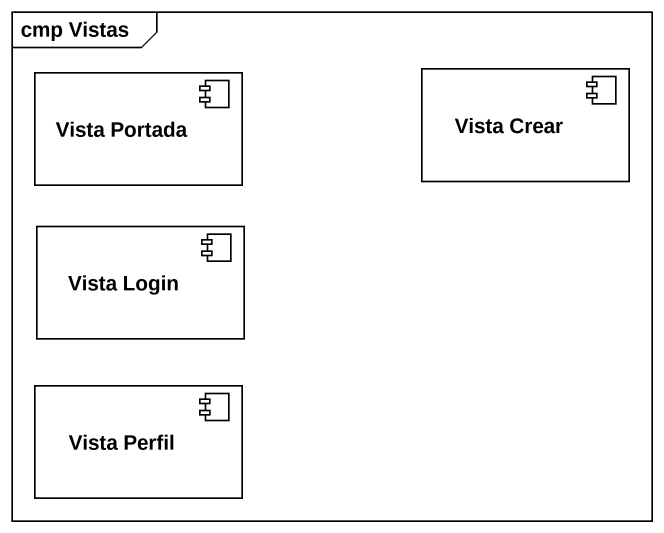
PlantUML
@startuml
mainframe cmp Vistas
component "Vista Portada" as Vista_Portada
component "Vista Crear" as Vista_Crear
component "Vista Login" as Vista_Login
component "Vista Perfil" as Vista_Perfil
@enduml
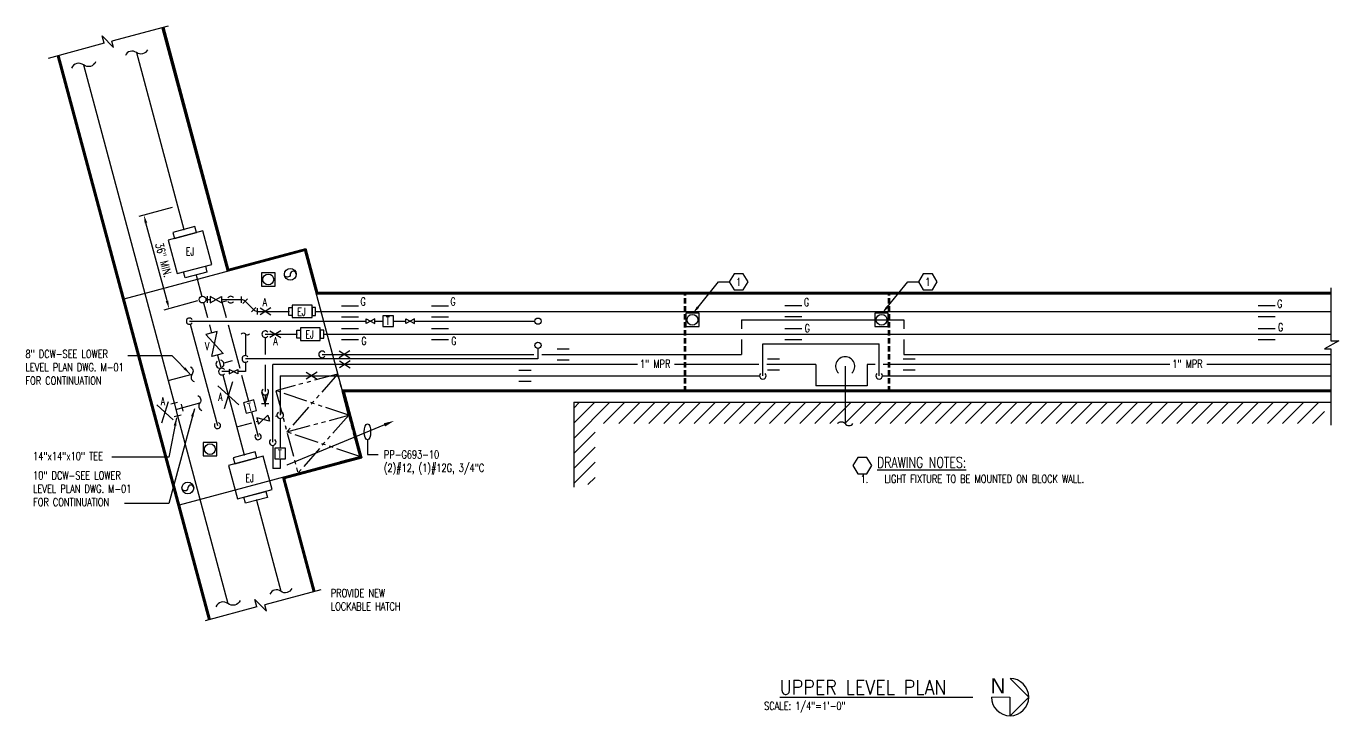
# Model space of a CAD drawing. Header units: inches. Extents: x 422 to 5092, y -339 to 887.
# Drawn here: x 801 to 1539, y -302 to 86 of the extents above; entities that cross this region are included whole.
import ezdxf
from ezdxf import colors
from ezdxf.entities.mleader import LeaderData, LeaderLine
from ezdxf.enums import TextEntityAlignment as Align
from ezdxf.math import Vec2, Vec3

# ---------------------------------------------------------------- set-up
doc = ezdxf.new("R2010")
doc.units = ezdxf.units.IN
doc.header["$LTSCALE"] = 48
doc.header["$MEASUREMENT"] = 0
doc.linetypes.add('DOY01.233700-H6-3-3 Vlt (After 95% submttl)$0$HIDDEN4', pattern=[0.09375, 0.0625, -0.03125])
doc.linetypes.add('DOY01.233700-H6-3-3 Vlt (After 95% submttl)$0$HWSS', pattern=[0.515625, 0.28125, -0.046875, 0.046875, -0.046875, 0.046875, -0.046875])
for name, color, linetype in [('DOY01.233700-E-H6-3-3 Vlt (After 95% submttl)$0$E-LIGHTS AND POWER', 91, 'Continuous'), ('DOY01.233700-E-H6-3-3 Vlt (After 95% submttl)$0$E-LITE-IDEN', 41, 'Continuous'), ('DOY01.233700-E-H6-3-3 Vlt (After 95% submttl)$0$E-LITE-WIRE', 40, 'Continuous'), ('DOY01.233700-E-H6-3-3 Vlt (After 95% submttl)$0$GENERAL NOTES', 41, 'Continuous'), ('DOY01.233700-H6-3-3 Vlt (After 95% submttl)$0$EXST-BLDG', 253, 'Continuous'), ('DOY01.233700-H6-3-3 Vlt (After 95% submttl)$0$EXST-PIPE', 253, 'Continuous'), ('DOY01.233700-H6-3-3 Vlt (After 95% submttl)$0$EXST-TEXT-PIPE', 253, 'Continuous'), ('DOY01.233700-H6-3-3 Vlt (After 95% submttl)$0$EXST-TEXT_BOLD', 253, 'Continuous'), ('DOY01.233700-H6-3-3 Vlt (After 95% submttl)$0$EXST-UTLD', 253, 'Continuous'), ('DOY01.233700-H6-3-3 Vlt (After 95% submttl)$0$EXST-VALV', 253, 'Continuous'), ('DOY01.233700-H6-3-3 Vlt (After 95% submttl)$0$MU-DELGE-PIPE', 253, 'Continuous'), ('DOY01.233700-H6-3-3 Vlt (After 95% submttl)$0$MU-DELGE-TEXT', 253, 'Continuous'), ('DOY01.233700-H6-3-3 Vlt (After 95% submttl)$0$MU-DELGE-VALV', 253, 'Continuous'), ('DOY01.233700-H6-3-3 Vlt (After 95% submttl)$0$MU-DIMM', 253, 'Continuous'), ('DOY01.233700-H6-3-3 Vlt (After 95% submttl)$0$MU-HPR-PIPE', 253, 'Continuous'), ('DOY01.233700-H6-3-3 Vlt (After 95% submttl)$0$MU-HPR-TEXT', 253, 'Continuous'), ('DOY01.233700-H6-3-3 Vlt (After 95% submttl)$0$MU-PCR-PIPE', 253, 'Continuous'), ('DOY01.233700-H6-3-3 Vlt (After 95% submttl)$0$MU-PCR-VALV', 253, 'Continuous'), ('DOY01.233700-H6-3-3 Vlt (After 95% submttl)$0$MU-STEM-PIPE', 253, 'Continuous'), ('DOY01.233700-H6-3-3 Vlt (After 95% submttl)$0$MU-STEM-VALV', 253, 'Continuous'), ('DOY01.233700-H6-3-3 Vlt (After 95% submttl)$0$MU-TRACE-VALV', 253, 'Continuous'), ('DOY01.233700-H6-3-3 Vlt (After 95% submttl)$0$new-vault', 253, 'Continuous'), ('DOY01.233700-H6-3-3 Vlt (After 95% submttl)$0$TITLES', 111, 'Continuous')]:
    doc.layers.add(name, color=color, linetype=linetype)
doc.layers.add('DOY01.233700-E-H6-3-3 Vlt (After 95% submttl)$0$E-LITE', color=50, linetype='Continuous', lineweight=50)
doc.styles.add('DOY01.233700-E-H6-3-3 Vlt (After 95% submttl)$0$Note', font='romans.shx', dxfattribs={"width": 0.85})
doc.styles.add('DOY01.233700-E-H6-3-3 Vlt (After 95% submttl)$0$RomanS', font='romans.shx', dxfattribs={"width": 0.75})
doc.styles.add('DOY01.233700-H6-3-3 Vlt (After 95% submttl)$0$AU145S00', font='19', dxfattribs={"height": 12})
doc.styles.add('DOY01.233700-H6-3-3 Vlt (After 95% submttl)$0$ROMAND', font='romand.shx', dxfattribs={"width": 0.9})
doc.styles.add('DOY01.233700-H6-3-3 Vlt (After 95% submttl)$0$RomanS', font='romans.shx', dxfattribs={"width": 0.75})
doc.styles.get("Standard").update_dxf_attribs({"font": 'romans.shx', "width": 0.85})
doc.dimstyles.new('DOY01.233700-H6-3-3 Vlt (After 95% submttl)$0$Standard', dxfattribs={"dimtxt": 0.09375, "dimasz": 0.09375, "dimexe": 0.0625, "dimexo": 0.0625, "dimgap": 0.03125, "dimtad": 1, "dimdec": 8, "dimzin": 0, "dimdsep": 46, "dimlunit": 4, "dimtxsty": 'DOY01.233700-H6-3-3 Vlt (After 95% submttl)$0$RomanS', "dimcen": 0.09, "dimclrd": 254, "dimclre": 254, "dimclrt": 256, "dimadec": 0, "dimazin": 0, "dimtfac": 1, "dimtdec": 8, "dimtofl": 0, "dimtmove": 0, "dimatfit": 3, "dimfxl": 1, "dimtolj": 1, "dimtzin": 0, "dimlwd": -1, "dimlwe": -1, "dimarcsym": 0})

# ---------------------------------------------------------------- blocks, each defined once
blk = doc.blocks.new('DOY01.233700-E-H6-3-3 Vlt (After 95% submttl)$0$A$C7CD956E1')
at = {"layer": 'DOY01.233700-E-H6-3-3 Vlt (After 95% submttl)$0$E-LIGHTS AND POWER'}
blk.add_lwpolyline([(2.53, -2.53), (2.53, 2.53), (-2.53, 2.53), (-2.53, -2.53)], close=True, dxfattribs=at)
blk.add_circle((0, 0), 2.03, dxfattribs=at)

What you need to do> Where a line of the material holds the word "import", copy that line.

Task result>
import ezdxf
from ezdxf import colors
from ezdxf.entities.mleader import LeaderData, LeaderLine
from ezdxf.enums import TextEntityAlignment as Align
from ezdxf.math import Vec2, Vec3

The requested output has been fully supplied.